Give back only the lines in the records below from the one with "FILE_DESCRIPTION(('STEP AP214'),'2;1');" to the one with "#32=VERTEX_POINT('',#31);", both inclusive, word for word.

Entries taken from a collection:
----

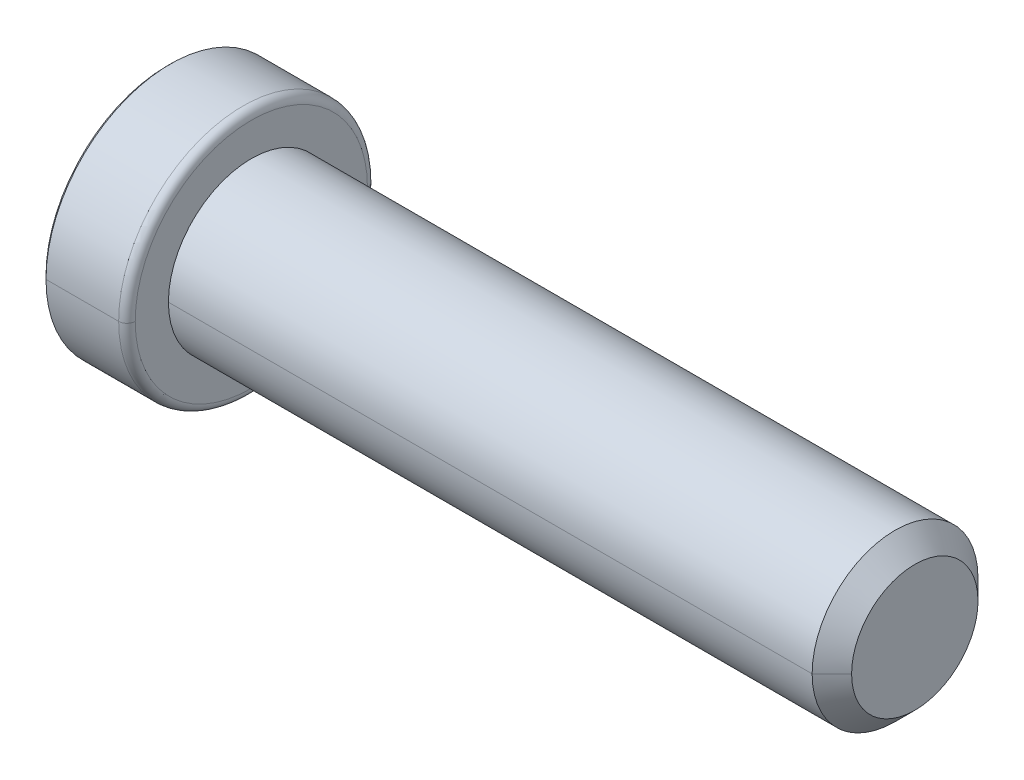
ISO-10303-21;
HEADER;
FILE_DESCRIPTION(('STEP AP214'),'2;1');
FILE_NAME('part.step','',(''),(''),'','','');
FILE_SCHEMA(('AUTOMOTIVE_DESIGN { 1 0 10303 214 1 1 1 1 }'));
ENDSEC;
DATA;
#1=APPLICATION_CONTEXT('core data for automotive mechanical design processes');
#2=APPLICATION_PROTOCOL_DEFINITION('international standard','automotive_design',2000,#1);
#3=PRODUCT_CONTEXT('',#1,'mechanical');
#4=PRODUCT('Part','Part','',(#3));
#5=PRODUCT_RELATED_PRODUCT_CATEGORY('part','',(#4));
#6=PRODUCT_DEFINITION_FORMATION('','',#4);
#7=PRODUCT_DEFINITION_CONTEXT('part definition',#1,'design');
#8=PRODUCT_DEFINITION('design','',#6,#7);
#9=PRODUCT_DEFINITION_SHAPE('','',#8);
#10=(LENGTH_UNIT() NAMED_UNIT(*) SI_UNIT(.MILLI.,.METRE.));
#11=(NAMED_UNIT(*) PLANE_ANGLE_UNIT() SI_UNIT($,.RADIAN.));
#12=(NAMED_UNIT(*) SI_UNIT($,.STERADIAN.) SOLID_ANGLE_UNIT());
#13=UNCERTAINTY_MEASURE_WITH_UNIT(LENGTH_MEASURE(1.E-05),#10,'distance_accuracy_value','');
#14=(GEOMETRIC_REPRESENTATION_CONTEXT(3) GLOBAL_UNCERTAINTY_ASSIGNED_CONTEXT((#13)) GLOBAL_UNIT_ASSIGNED_CONTEXT((#10,
#11,#12)) REPRESENTATION_CONTEXT('',''));
#15=CARTESIAN_POINT('',(0.,0.,0.));
#16=DIRECTION('',(0.,0.,1.));
#17=DIRECTION('',(1.,0.,0.));
#18=AXIS2_PLACEMENT_3D('',#15,#16,#17);
#19=CARTESIAN_POINT('',(-3.2258,0.,0.));
#20=DIRECTION('',(1.,0.,0.));
#21=DIRECTION('',(0.,-1.,0.));
#22=AXIS2_PLACEMENT_3D('',#19,#20,#21);
#23=CONICAL_SURFACE('',#22,4.6355,0.785398163397438);
#24=CARTESIAN_POINT('',(-3.0988,0.,0.));
#25=DIRECTION('',(1.,0.,0.));
#26=DIRECTION('',(0.,0.,-1.));
#27=AXIS2_PLACEMENT_3D('',#24,#25,#26);
#28=CIRCLE('',#27,4.7625);
#29=CARTESIAN_POINT('',(-3.0988,0.,-4.7625));
#30=VERTEX_POINT('',#29);
#31=CARTESIAN_POINT('',(-3.0988,0.,4.7625));
#32=VERTEX_POINT('',#31);
#33=EDGE_CURVE('E12',#30,#32,#28,.T.);
#34=ORIENTED_EDGE('',*,*,#33,.F.);
#35=CARTESIAN_POINT('',(-3.2258,0.,-4.6355));
#36=DIRECTION('',(0.707106781186555,0.,-0.70710678118654));
#37=VECTOR('',#36,1.);
#38=LINE('',#35,#37);
#39=CARTESIAN_POINT('',(-3.2258,0.,-4.6355));
#40=VERTEX_POINT('',#39);
#41=EDGE_CURVE('E30',#40,#30,#38,.T.);
#42=ORIENTED_EDGE('',*,*,#41,.F.);
#43=CARTESIAN_POINT('',(-3.2258,0.,0.));
#44=DIRECTION('',(1.,0.,0.));
#45=DIRECTION('',(0.,0.,-1.));
#46=AXIS2_PLACEMENT_3D('',#43,#44,#45);
#47=CIRCLE('',#46,4.6355);
#48=CARTESIAN_POINT('',(-3.2258,0.,4.6355));
#49=VERTEX_POINT('',#48);
#50=EDGE_CURVE('E211',#40,#49,#47,.T.);
#51=ORIENTED_EDGE('',*,*,#50,.T.);
#52=CARTESIAN_POINT('',(-3.2258,0.,4.6355));
#53=DIRECTION('',(0.707106781186555,0.,0.70710678118654));
#54=VECTOR('',#53,1.);
#55=LINE('',#52,#54);
#56=EDGE_CURVE('E209',#49,#32,#55,.T.);
#57=ORIENTED_EDGE('',*,*,#56,.T.);
#58=EDGE_LOOP('',(#34,#42,#51,#57));
#59=FACE_BOUND('',#58,.T.);
#60=ADVANCED_FACE('F20',(#59),#23,.T.);
#61=CARTESIAN_POINT('',(-3.2258,0.,0.));
#62=DIRECTION('',(1.,0.,0.));
#63=DIRECTION('',(0.,1.,0.));
#64=AXIS2_PLACEMENT_3D('',#61,#62,#63);
#65=CONICAL_SURFACE('',#64,4.6355,0.785398163397438);
#66=CARTESIAN_POINT('',(-3.2258,0.,0.));
#67=DIRECTION('',(1.,0.,0.));
#68=DIRECTION('',(0.,0.,-1.));
#69=AXIS2_PLACEMENT_3D('',#66,#67,#68);
#70=CIRCLE('',#69,4.6355);
#71=EDGE_CURVE('E195',#49,#40,#70,.T.);
#72=ORIENTED_EDGE('',*,*,#71,.T.);
#73=ORIENTED_EDGE('',*,*,#41,.T.);
#74=CARTESIAN_POINT('',(-3.0988,0.,0.));
#75=DIRECTION('',(1.,0.,0.));
#76=DIRECTION('',(0.,0.,-1.));
#77=AXIS2_PLACEMENT_3D('',#74,#75,#76);
#78=CIRCLE('',#77,4.7625);
#79=EDGE_CURVE('E364',#32,#30,#78,.T.);
#80=ORIENTED_EDGE('',*,*,#79,.F.);
#81=ORIENTED_EDGE('',*,*,#56,.F.);
#82=EDGE_LOOP('',(#72,#73,#80,#81));
#83=FACE_BOUND('',#82,.T.);
#84=ADVANCED_FACE('F338',(#83),#65,.T.);
#85=CARTESIAN_POINT('',(25.4,0.,0.));
#86=DIRECTION('',(-1.,0.,0.));
#87=DIRECTION('',(0.,1.,0.));
#88=AXIS2_PLACEMENT_3D('',#85,#86,#87);
#89=CYLINDRICAL_SURFACE('',#88,4.7625);
#90=ORIENTED_EDGE('',*,*,#79,.T.);
#91=CARTESIAN_POINT('',(-0.317499999999991,0.,-4.7625));
#92=DIRECTION('',(-1.,0.,0.));
#93=VECTOR('',#92,1.);
#94=LINE('',#91,#93);
#95=CARTESIAN_POINT('',(-0.317499999999992,0.,-4.7625));
#96=VERTEX_POINT('',#95);
#97=EDGE_CURVE('E367',#96,#30,#94,.T.);
#98=ORIENTED_EDGE('',*,*,#97,.F.);
#99=CARTESIAN_POINT('',(-0.317499999999992,0.,0.));
#100=DIRECTION('',(1.,0.,0.));
#101=DIRECTION('',(0.,0.,-1.));
#102=AXIS2_PLACEMENT_3D('',#99,#100,#101);
#103=CIRCLE('',#102,4.7625);
#104=CARTESIAN_POINT('',(-0.317500000000048,0.,4.7625));
#105=VERTEX_POINT('',#104);
#106=EDGE_CURVE('E373',#105,#96,#103,.T.);
#107=ORIENTED_EDGE('',*,*,#106,.F.);
#108=CARTESIAN_POINT('',(-0.317499999999991,0.,4.7625));
#109=DIRECTION('',(-1.,0.,0.));
#110=VECTOR('',#109,1.);
#111=LINE('',#108,#110);
#112=EDGE_CURVE('E379',#105,#32,#111,.T.);
#113=ORIENTED_EDGE('',*,*,#112,.T.);
#114=EDGE_LOOP('',(#90,#98,#107,#113));
#115=FACE_BOUND('',#114,.T.);
#116=ADVANCED_FACE('F347',(#115),#89,.T.);
#117=CARTESIAN_POINT('',(25.4,0.,0.));
#118=DIRECTION('',(-1.,0.,0.));
#119=DIRECTION('',(0.,-1.,0.));
#120=AXIS2_PLACEMENT_3D('',#117,#118,#119);
#121=CYLINDRICAL_SURFACE('',#120,4.7625);
#122=CARTESIAN_POINT('',(-0.317499999999992,0.,0.));
#123=DIRECTION('',(1.,0.,0.));
#124=DIRECTION('',(0.,0.,-1.));
#125=AXIS2_PLACEMENT_3D('',#122,#123,#124);
#126=CIRCLE('',#125,4.7625);
#127=EDGE_CURVE('E385',#96,#105,#126,.T.);
#128=ORIENTED_EDGE('',*,*,#127,.F.);
#129=ORIENTED_EDGE('',*,*,#97,.T.);
#130=ORIENTED_EDGE('',*,*,#33,.T.);
#131=ORIENTED_EDGE('',*,*,#112,.F.);
#132=EDGE_LOOP('',(#128,#129,#130,#131));
#133=FACE_BOUND('',#132,.T.);
#134=ADVANCED_FACE('F408',(#133),#121,.T.);
#135=CARTESIAN_POINT('',(-0.317500000000048,0.,0.));
#136=DIRECTION('',(1.,0.,0.));
#137=DIRECTION('',(0.,-1.,0.));
#138=AXIS2_PLACEMENT_3D('',#135,#136,#137);
#139=TOROIDAL_SURFACE('',#138,4.44499999999995,0.317500000000048);
#140=CARTESIAN_POINT('',(0.,0.,0.));
#141=DIRECTION('',(1.,0.,0.));
#142=DIRECTION('',(0.,0.,-1.));
#143=AXIS2_PLACEMENT_3D('',#140,#141,#142);
#144=CIRCLE('',#143,4.44499999999995);
#145=CARTESIAN_POINT('',(0.,0.,-4.44499999999995));
#146=VERTEX_POINT('',#145);
#147=CARTESIAN_POINT('',(0.,0.,4.44499999999995));
#148=VERTEX_POINT('',#147);
#149=EDGE_CURVE('E431',#146,#148,#144,.T.);
#150=ORIENTED_EDGE('',*,*,#149,.F.);
#151=CARTESIAN_POINT('',(-0.317500000000049,0.,-4.7625));
#152=CARTESIAN_POINT('',(-0.312304913152215,0.,-4.76250011020068));
#153=CARTESIAN_POINT('',(-0.30710983568138,0.,-4.76237249743723));
#154=CARTESIAN_POINT('',(-0.296732191120802,0.,-4.76186261725305));
#155=CARTESIAN_POINT('',(-0.291549624031059,0.,-4.76148034983231));
#156=CARTESIAN_POINT('',(-0.281209491859759,0.,-4.76046195160453));
#157=CARTESIAN_POINT('',(-0.276051926778202,0.,-4.75982582079749));
#158=CARTESIAN_POINT('',(-0.265774221942727,0.,-4.75830126303014));
#159=CARTESIAN_POINT('',(-0.260654082188809,0.,-4.75741283606983));
#160=CARTESIAN_POINT('',(-0.250463563331028,0.,-4.75538581698622));
#161=CARTESIAN_POINT('',(-0.245393184227164,0.,-4.75424722486293));
#162=CARTESIAN_POINT('',(-0.235314401534338,0.,-4.7517226209156));
#163=CARTESIAN_POINT('',(-0.230305997945375,0.,-4.75033660909157));
#164=CARTESIAN_POINT('',(-0.220363231998111,0.,-4.74732050409837));
#165=CARTESIAN_POINT('',(-0.215428869639811,0.,-4.7456904109292));
#166=CARTESIAN_POINT('',(-0.205646073456195,0.,-4.74219007046201));
#167=CARTESIAN_POINT('',(-0.20079763963088,0.,-4.74031982316399));
#168=CARTESIAN_POINT('',(-0.191198380817349,0.,-4.73634367998067));
#169=CARTESIAN_POINT('',(-0.186447555829134,0.,-4.73423778409537));
#170=CARTESIAN_POINT('',(-0.177054959842693,0.,-4.729795417038));
#171=CARTESIAN_POINT('',(-0.172413188844467,0.,-4.72745894586593));
#172=CARTESIAN_POINT('',(-0.163249883271077,0.,-4.72256105699526));
#173=CARTESIAN_POINT('',(-0.158728348695914,0.,-4.71999963929667));
#174=CARTESIAN_POINT('',(-0.149816408741438,0.,-4.71465802805348));
#175=CARTESIAN_POINT('',(-0.145426003362125,0.,-4.71187783450889));
#176=CARTESIAN_POINT('',(-0.136786898670472,0.,-4.70610536930321));
#177=CARTESIAN_POINT('',(-0.132538199358133,0.,-4.70311309764212));
#178=CARTESIAN_POINT('',(-0.124192742289212,0.,-4.69692368484806));
#179=CARTESIAN_POINT('',(-0.12009598453263,0.,-4.69372654371508));
#180=CARTESIAN_POINT('',(-0.112064280023492,0.,-4.68713509417023));
#181=CARTESIAN_POINT('',(-0.108129333270937,0.,-4.68374078575836));
#182=CARTESIAN_POINT('',(-0.10043073040124,0.,-4.67676317884201));
#183=CARTESIAN_POINT('',(-0.0966670742840983,0.,-4.67317988033752));
#184=CARTESIAN_POINT('',(-0.0893201196624735,0.,-4.6658329257159));
#185=CARTESIAN_POINT('',(-0.0857368211579901,0.,-4.66206926959876));
#186=CARTESIAN_POINT('',(-0.0787592142416371,0.,-4.65437066672906));
#187=CARTESIAN_POINT('',(-0.0753649058297675,0.,-4.65043571997651));
#188=CARTESIAN_POINT('',(-0.0687734562849175,0.,-4.64240401546737));
#189=CARTESIAN_POINT('',(-0.0655763151519371,0.,-4.63830725771079));
#190=CARTESIAN_POINT('',(-0.0593869023578734,0.,-4.62996180064187));
#191=CARTESIAN_POINT('',(-0.0563946306967903,0.,-4.62571310132953));
#192=CARTESIAN_POINT('',(-0.0506221654911109,0.,-4.61707399663787));
#193=CARTESIAN_POINT('',(-0.0478419719465147,0.,-4.61268359125856));
#194=CARTESIAN_POINT('',(-0.0425003607033272,0.,-4.60377165130408));
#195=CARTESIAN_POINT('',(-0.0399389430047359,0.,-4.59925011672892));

----

RESPONSE »
FILE_DESCRIPTION(('STEP AP214'),'2;1');
FILE_NAME('part.step','',(''),(''),'','','');
FILE_SCHEMA(('AUTOMOTIVE_DESIGN { 1 0 10303 214 1 1 1 1 }'));
ENDSEC;
DATA;
#1=APPLICATION_CONTEXT('core data for automotive mechanical design processes');
#2=APPLICATION_PROTOCOL_DEFINITION('international standard','automotive_design',2000,#1);
#3=PRODUCT_CONTEXT('',#1,'mechanical');
#4=PRODUCT('Part','Part','',(#3));
#5=PRODUCT_RELATED_PRODUCT_CATEGORY('part','',(#4));
#6=PRODUCT_DEFINITION_FORMATION('','',#4);
#7=PRODUCT_DEFINITION_CONTEXT('part definition',#1,'design');
#8=PRODUCT_DEFINITION('design','',#6,#7);
#9=PRODUCT_DEFINITION_SHAPE('','',#8);
#10=(LENGTH_UNIT() NAMED_UNIT(*) SI_UNIT(.MILLI.,.METRE.));
#11=(NAMED_UNIT(*) PLANE_ANGLE_UNIT() SI_UNIT($,.RADIAN.));
#12=(NAMED_UNIT(*) SI_UNIT($,.STERADIAN.) SOLID_ANGLE_UNIT());
#13=UNCERTAINTY_MEASURE_WITH_UNIT(LENGTH_MEASURE(1.E-05),#10,'distance_accuracy_value','');
#14=(GEOMETRIC_REPRESENTATION_CONTEXT(3) GLOBAL_UNCERTAINTY_ASSIGNED_CONTEXT((#13)) GLOBAL_UNIT_ASSIGNED_CONTEXT((#10,
#11,#12)) REPRESENTATION_CONTEXT('',''));
#15=CARTESIAN_POINT('',(0.,0.,0.));
#16=DIRECTION('',(0.,0.,1.));
#17=DIRECTION('',(1.,0.,0.));
#18=AXIS2_PLACEMENT_3D('',#15,#16,#17);
#19=CARTESIAN_POINT('',(-3.2258,0.,0.));
#20=DIRECTION('',(1.,0.,0.));
#21=DIRECTION('',(0.,-1.,0.));
#22=AXIS2_PLACEMENT_3D('',#19,#20,#21);
#23=CONICAL_SURFACE('',#22,4.6355,0.785398163397438);
#24=CARTESIAN_POINT('',(-3.0988,0.,0.));
#25=DIRECTION('',(1.,0.,0.));
#26=DIRECTION('',(0.,0.,-1.));
#27=AXIS2_PLACEMENT_3D('',#24,#25,#26);
#28=CIRCLE('',#27,4.7625);
#29=CARTESIAN_POINT('',(-3.0988,0.,-4.7625));
#30=VERTEX_POINT('',#29);
#31=CARTESIAN_POINT('',(-3.0988,0.,4.7625));
#32=VERTEX_POINT('',#31);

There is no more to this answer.